UI-Ins-7B and UI-Ins-32B are evaluated on five grounding benchmarks and the AndroidWorld online agent environment. Quantitative results demonstrate consistent state-of-the-art (SOTA) performance:

• UI-I2E-Bench: UI-Ins-32B achieves 87.3% accuracy, outperforming all baselines.
• ScreenSpot-Pro: UI-Ins-32B attains 57.0% accuracy, with substantial gains on challenging software domains.
• MMBench-GUI L2: UI-Ins-32B scores 84.9%, with larger improvements on advanced instruction subsets.

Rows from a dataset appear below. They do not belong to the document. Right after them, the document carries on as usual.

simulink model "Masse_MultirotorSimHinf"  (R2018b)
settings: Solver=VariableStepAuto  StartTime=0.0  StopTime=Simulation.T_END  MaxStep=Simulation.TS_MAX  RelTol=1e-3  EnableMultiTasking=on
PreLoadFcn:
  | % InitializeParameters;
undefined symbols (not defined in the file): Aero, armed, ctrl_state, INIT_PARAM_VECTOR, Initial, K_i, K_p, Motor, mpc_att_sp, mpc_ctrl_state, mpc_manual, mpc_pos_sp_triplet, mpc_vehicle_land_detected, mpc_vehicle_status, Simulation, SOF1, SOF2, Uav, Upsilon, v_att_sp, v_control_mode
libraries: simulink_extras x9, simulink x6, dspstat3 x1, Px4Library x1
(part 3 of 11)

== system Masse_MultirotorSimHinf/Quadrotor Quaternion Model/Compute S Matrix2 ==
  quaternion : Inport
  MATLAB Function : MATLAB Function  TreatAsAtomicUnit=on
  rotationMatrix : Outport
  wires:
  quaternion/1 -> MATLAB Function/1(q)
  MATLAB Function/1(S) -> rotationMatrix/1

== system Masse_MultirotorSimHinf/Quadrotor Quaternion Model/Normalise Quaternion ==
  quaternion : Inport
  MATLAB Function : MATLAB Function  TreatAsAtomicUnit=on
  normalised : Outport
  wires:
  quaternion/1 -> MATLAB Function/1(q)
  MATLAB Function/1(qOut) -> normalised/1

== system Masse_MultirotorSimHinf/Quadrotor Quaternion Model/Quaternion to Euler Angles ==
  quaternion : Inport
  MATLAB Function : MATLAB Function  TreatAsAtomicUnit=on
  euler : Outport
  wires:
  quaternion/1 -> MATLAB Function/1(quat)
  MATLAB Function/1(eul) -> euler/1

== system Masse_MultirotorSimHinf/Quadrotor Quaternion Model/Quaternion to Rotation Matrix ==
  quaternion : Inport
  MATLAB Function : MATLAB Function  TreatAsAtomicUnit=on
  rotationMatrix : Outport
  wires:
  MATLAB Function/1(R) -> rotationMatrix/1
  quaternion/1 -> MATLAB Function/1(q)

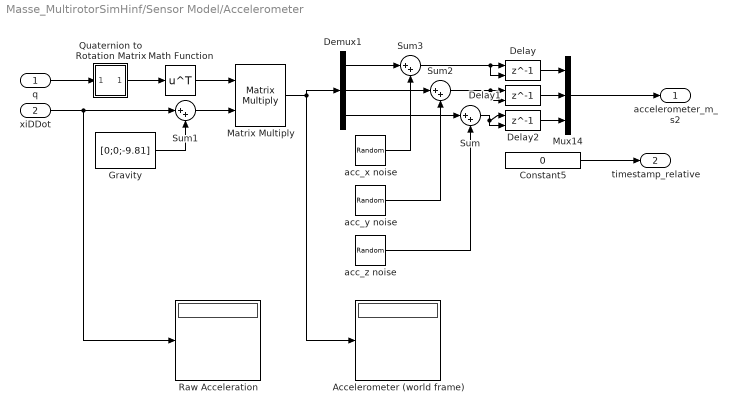
== system Masse_MultirotorSimHinf/Sensor Model/Accelerometer ==
  q : Inport
  xiDDot : Inport  Port=2  Unit=m/s^2
  Accelerometer (world frame) : Display
  Constant5 : Constant  Value=0
  Delay : Delay  DelayLength=1  InitialConditionSource=Input port  SampleTime=1/400
      settings: InputPortMap=u0,p4
  Delay1 : Delay  DelayLength=1  InitialConditionSource=Input port  SampleTime=1/400
      settings: InputPortMap=u0,p4
  Delay2 : Delay  DelayLength=1  InitialConditionSource=Input port  SampleTime=1/400
      settings: InputPortMap=u0,p4
  Demux1 : Demux  Outputs=3
  Gravity : Constant  Value=[0;0;-9.81]
  Math Function : Math  Operator=transpose  SaturateOnIntegerOverflow=on
  Matrix Multiply : Product  Multiplication=Matrix(*)
  Mux14 : Mux  Inputs=3
  Quaternion to Rotation Matrix : Subsystem  AncestorBlock=QuaternionLibrary/Quaternion to Rotation Matrix
      mask help: Convert an orientation quaternion to an orthogonal transformation matrix
      mask Help:
      | Convert an orientation quaternion
      | [q1 q2 q3 q4]
      | where:
      | - q1 is the rotation in radians
      | - [q2 q3 q4] is the vector around which the rotation is performed)
      | to an orthogonal transformation matrix
      | Based on code from the PX4 firmware: https://github.com/PX4/Firmware
      mask Display: disp('Q2R')
  Raw Acceleration : Display
  Sum{,1..3} (4 alike) : Sum  Inputs=|++
  acc_x noise : RandomNumber  Variance=0.012^2  SampleTime=1/400
  acc_y noise : RandomNumber  Variance=0.012^2  SampleTime=1/400
  acc_z noise : RandomNumber  Variance=0.02^2  SampleTime=1/400
  accelerometer_m_s2 : Outport  Unit=m/s^2  SampleTime=1/400
  timestamp_relative : Outport  Port=2  Unit=µs  SampleTime=1/400
  wires:
  Quaternion to Rotation Matrix/1(rotationMatrix) -> Math Function/1
  Math Function/1 -> Matrix Multiply/1
  Matrix Multiply/1 -> Accelerometer (world frame)/1, Demux1/1
  Gravity/1 -> Sum1/2
  Sum1/1 -> Matrix Multiply/2
  Mux14/1 -> accelerometer_m_s2/1
  xiDDot/1 -> Raw Acceleration/1, Sum1/1
  q/1 -> Quaternion to Rotation Matrix/1(quaternion)
  Constant5/1 -> timestamp_relative/1
  Demux1/1 -> Sum3/1
  Demux1/2 -> Sum2/1
  Demux1/3 -> Sum/1
  Sum/1 -> Delay2/2, Delay2/1
  acc_z noise/1 -> Sum/2
  Sum2/1 -> Delay1/2, Delay1/1
  Sum3/1 -> Delay/2, Delay/1
  acc_y noise/1 -> Sum2/2
  acc_x noise/1 -> Sum3/2
  Delay/1 -> Mux14/1
  Delay1/1 -> Mux14/2
  Delay2/1 -> Mux14/3

== system Masse_MultirotorSimHinf/Sensor Model/Barometer ==
  xi : Inport  Unit=m
  timestamp : Inport  Port=2  Unit=µs
  Add : Sum  Inputs=+-
  Scope : Scope
  Select altitude : Selector  InputPortWidth=3  IndexOptions=Index vector (dialog)  Indices=3  OutputSizes=1
  Sum : Sum  Inputs=|++
  To 400 Hz : RateTransition  Deterministic=off  OutPortSampleTime=1/250
  To 400 Hz1 : RateTransition  OutPortSampleTime=1/400
  To 50 Hz : RateTransition  OutPortSampleTime=1/50
  To 50 Hz1 : RateTransition  OutPortSampleTime=1/50
  barro noise : RandomNumber  Variance=1/3^2  SampleTime=0.01
  baro_alt_meter : Outport  Unit=m  SampleTime=1/400
  timestamp_relative : Outport  Port=2  Unit=µs
  wires:
  barro noise/1 -> Sum/2
  Sum/1 -> To 50 Hz1/1
  xi/1 -> Select altitude/1
  Select altitude/1 -> Sum/1
  Add/1 -> timestamp_relative/1, Scope/1
  To 400 Hz1/1 -> Add/2
  To 50 Hz/1 -> To 400 Hz/1
  To 400 Hz/1 -> Add/1
  timestamp/1 -> To 50 Hz/1, To 400 Hz1/1
  To 50 Hz1/1 -> baro_alt_meter/1

== system Masse_MultirotorSimHinf/Sensor Model/Global reprojection ==
  x : Inport
  y : Inport  Port=2
  map_projection_reproject : MATLAB Function  TreatAsAtomicUnit=on
  lat : Outport
  lon : Outport  Port=2
  wires:
  y/1 -> map_projection_reproject/2(y)
  map_projection_reproject/2(lon) -> lon/1
  x/1 -> map_projection_reproject/1(x)
  map_projection_reproject/1(lat) -> lat/1

== system Masse_MultirotorSimHinf/Sensor Model/Gyroscope ==
  nuBody : Inport  Unit=rad/s
  Bias : Constant  Commented=on  Value=[0.0001;0.0001;0.0001]
  Delay1 : Delay  DelayLength=1  InitialConditionSource=Input port  SampleTime=1/400
      settings: InputPortMap=u0,p4
  Delay2 : Delay  DelayLength=1  InitialConditionSource=Input port  SampleTime=1/400
      settings: InputPortMap=u0,p4
  Delay4 : Delay  DelayLength=1  InitialConditionSource=Input port  SampleTime=1/400
      settings: InputPortMap=u0,p4
  Demux : Demux  Outputs=3
  Mux : Mux  Inputs=3
  Sum2 : Sum  Inputs=++|
  gyro_rad : Outport  Unit=rad/s  SampleTime=1/400
  wires:
  Sum2/1 -> Demux/1
  Mux/1 -> gyro_rad/1
  Bias/1 -> Sum2/1
  nuBody/1 -> Sum2/2
  Delay4/1 -> Mux/2
  Delay2/1 -> Mux/3
  Delay1/1 -> Mux/1
  Demux/1 -> Delay1/2, Delay1/1
  Demux/2 -> Delay4/2, Delay4/1
  Demux/3 -> Delay2/2, Delay2/1

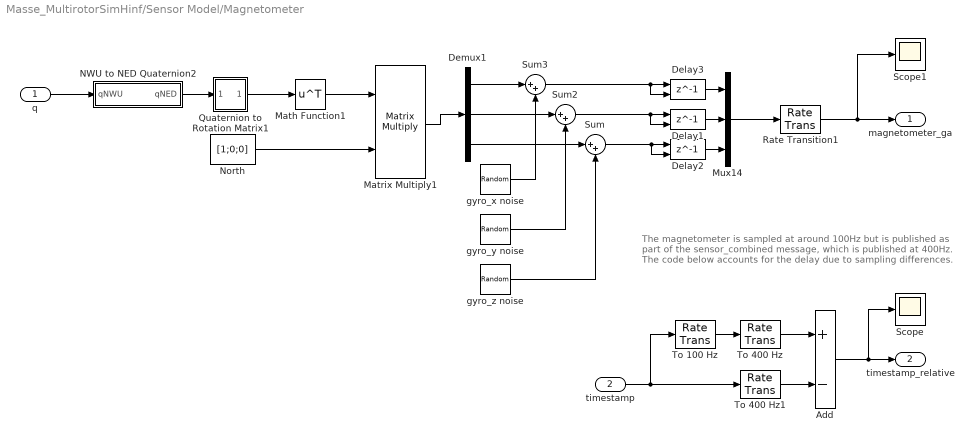
== system Masse_MultirotorSimHinf/Sensor Model/Magnetometer ==
  note: The magnetometer is sampled at around 100Hz but is published
      | as part of the sensor_combined message, which is published at
      | 400Hz. The code below accounts for the delay due to sampling
      | differences.
  q : Inport
  timestamp : Inport  Port=2
  Add : Sum  Inputs=+-
  Delay1 : Delay  DelayLength=1  InitialConditionSource=Input port  SampleTime=1/100
      settings: InputPortMap=u0,p4
  Delay2 : Delay  DelayLength=1  InitialConditionSource=Input port  SampleTime=1/100
      settings: InputPortMap=u0,p4
  Delay3 : Delay  DelayLength=1  InitialConditionSource=Input port  SampleTime=1/100
      settings: InputPortMap=u0,p4
  Demux1 : Demux  Outputs=3
  Math Function1 : Math  Operator=transpose  SaturateOnIntegerOverflow=on
  Matrix Multiply1 : Product  Multiplication=Matrix(*)
  Mux14 : Mux  Inputs=3
  NWU to NED Quaternion2 : Subsystem  AncestorBlock=Px4Library/NWU to NED Quaternion  mask(Coordinate transform){}
      mask help:
      | Convert a 3x1 vector or 4x1 quaternion from a North West Up to a North East Down coordinate system.
      |
      | The appropriate coordinate transform is automatically selected based on the input size.
  North : Constant  Value=[1;0;0]
  Quaternion to Rotation Matrix1 : Subsystem  AncestorBlock=QuaternionLibrary/Quaternion to Rotation Matrix
      mask help: Convert an orientation quaternion to an orthogonal transformation matrix
      mask Help:
      | Convert an orientation quaternion
      | [q1 q2 q3 q4]
      | where:
      | - q1 is the rotation in radians
      | - [q2 q3 q4] is the vector around which the rotation is performed)
      | to an orthogonal transformation matrix
      | Based on code from the PX4 firmware: https://github.com/PX4/Firmware
      mask Display: disp('Q2R')
  Rate Transition1 : RateTransition  Deterministic=off  OutPortSampleTime=1/100
  Scope : Scope
  Scope1 : Scope
  Sum : Sum  Inputs=|++
  Sum2 : Sum  Inputs=|++
  Sum3 : Sum  Inputs=|++
  To 100 Hz : RateTransition  OutPortSampleTime=1/100
  To 400 Hz : RateTransition  Deterministic=off  OutPortSampleTime=1/250
  To 400 Hz1 : RateTransition  OutPortSampleTime=1/400
  gyro_x noise : RandomNumber  Variance=0.001^2  SampleTime=1/400
  gyro_y noise : RandomNumber  Variance=0.001^2  SampleTime=1/400
  gyro_z noise : RandomNumber  Variance=0.001^2  SampleTime=1/400
  magnetometer_ga : Outport  Unit=G  SampleTime=1/250
  timestamp_relative : Outport  Port=2  Unit=µs  SampleTime=1/250
  wires:
  NWU to NED Quaternion2/1(qNED) -> Quaternion to Rotation Matrix1/1(quaternion)
  Quaternion to Rotation Matrix1/1(rotationMatrix) -> Math Function1/1
  q/1 -> NWU to NED Quaternion2/1(qNWU)
  North/1 -> Matrix Multiply1/2
  Math Function1/1 -> Matrix Multiply1/1
  Add/1 -> timestamp_relative/1, Scope/1
  Matrix Multiply1/1 -> Demux1/1
  Demux1/1 -> Sum3/1
  Demux1/2 -> Sum2/1
  Demux1/3 -> Sum/1
  Sum/1 -> Delay2/2, Delay2/1
  gyro_z noise/1 -> Sum/2
  Sum2/1 -> Delay1/2, Delay1/1
  gyro_y noise/1 -> Sum2/2
  gyro_x noise/1 -> Sum3/2
  Mux14/1 -> Rate Transition1/1
  To 400 Hz1/1 -> Add/2
  To 100 Hz/1 -> To 400 Hz/1
  To 400 Hz/1 -> Add/1
  Rate Transition1/1 -> Scope1/1, magnetometer_ga/1
  timestamp/1 -> To 100 Hz/1, To 400 Hz1/1
  Delay3/1 -> Mux14/1
  Sum3/1 -> Delay3/2, Delay3/1
  Delay1/1 -> Mux14/2
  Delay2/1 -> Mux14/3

Figure 3: Performance comparisons of UI-Ins and other state-of-the-art methods.

On AndroidWorld, UI-Ins-7B (as executor under a GPT-5 planner) achieves a 74.1% success rate, surpassing strong closed-source models and demonstrating robust agentic potential in dynamic, real-world environments.

Ablation and Analysis

Ablation studies confirm the necessity of both SFT and RL stages, with removal of either resulting in significant accuracy degradation. The intermediate reasoning step is shown to be critical, with its absence causing >10% drops on key benchmarks. Comparisons between free-form reasoning (FFR) and Instruction-as-Reasoning (IR) reveal that FFR degrades performance, while IR consistently improves accuracy, validating the structured reasoning approach.

Instruction-as-Reasoning also stabilizes SFT+RL training by preventing policy collapse, as evidenced by substantial accuracy gains during RL when initialized with IR-based SFT.

Emergent Reasoning Capabilities

Qualitative analysis reveals that UI-Ins models develop emergent capabilities beyond the four predefined perspectives:

• Strategic Selection: The model dynamically selects the most effective reasoning perspective per scenario.
• Compositional Integration: Multiple perspectives are synthesized into cohesive reasoning chains.
• Novel Perspectives: The model generates entirely new analytical angles, such as group affiliation or UI element state, not seen during training.

  Figure 4: Different reasoning capabilities of UI-Ins, including compositional and emergent perspectives.

  

  Figure 5: UI-Ins-7B succeeds on ambiguous grounding tasks by leveraging diverse reasoning, outperforming GTA1-7B.

Error Analysis

Three primary failure modes are identified:

1. Lack of Domain-Specific Knowledge: Errors arise when external knowledge is required for correct grounding.
2. Layout Understanding Deficiency: The model sometimes fails to interpret UI structure for precise action localization.
3. Visual Ambiguity and Hallucination: Visually similar distractors can lead to incorrect selections.

   Figure 6: Error analysis of UI-Ins, highlighting domain knowledge gaps, layout understanding failures, and hallucinations.

Implications and Future Directions

The Instruction-as-Reasoning paradigm demonstrates that structured, multi-perspective reasoning is essential for robust GUI grounding. The approach yields strong empirical gains, mitigates policy collapse, and unlocks emergent reasoning capabilities. Practically, UI-Ins models are well-suited for deployment in real-world GUI agents, with demonstrated stability and reliability in dynamic environments.

Theoretically, the work suggests that reasoning diversity and quality are central to grounding performance, challenging the prevailing view of instructions as static inputs. Future research may explore further expansion of reasoning perspectives, integration of external knowledge sources, and adaptation to more complex, multi-turn agentic tasks.

Conclusion

UI-Ins reframes GUI grounding by treating instructions as dynamic reasoning pathways, supported by a high-quality, multi-perspective data pipeline and a two-stage SFT+RL training framework. The resulting models achieve SOTA performance across diverse benchmarks and exhibit strong agentic capabilities. The work provides compelling evidence for the importance of instruction diversity and structured reasoning in GUI grounding, with broad implications for the design of intelligent agents and multimodal systems.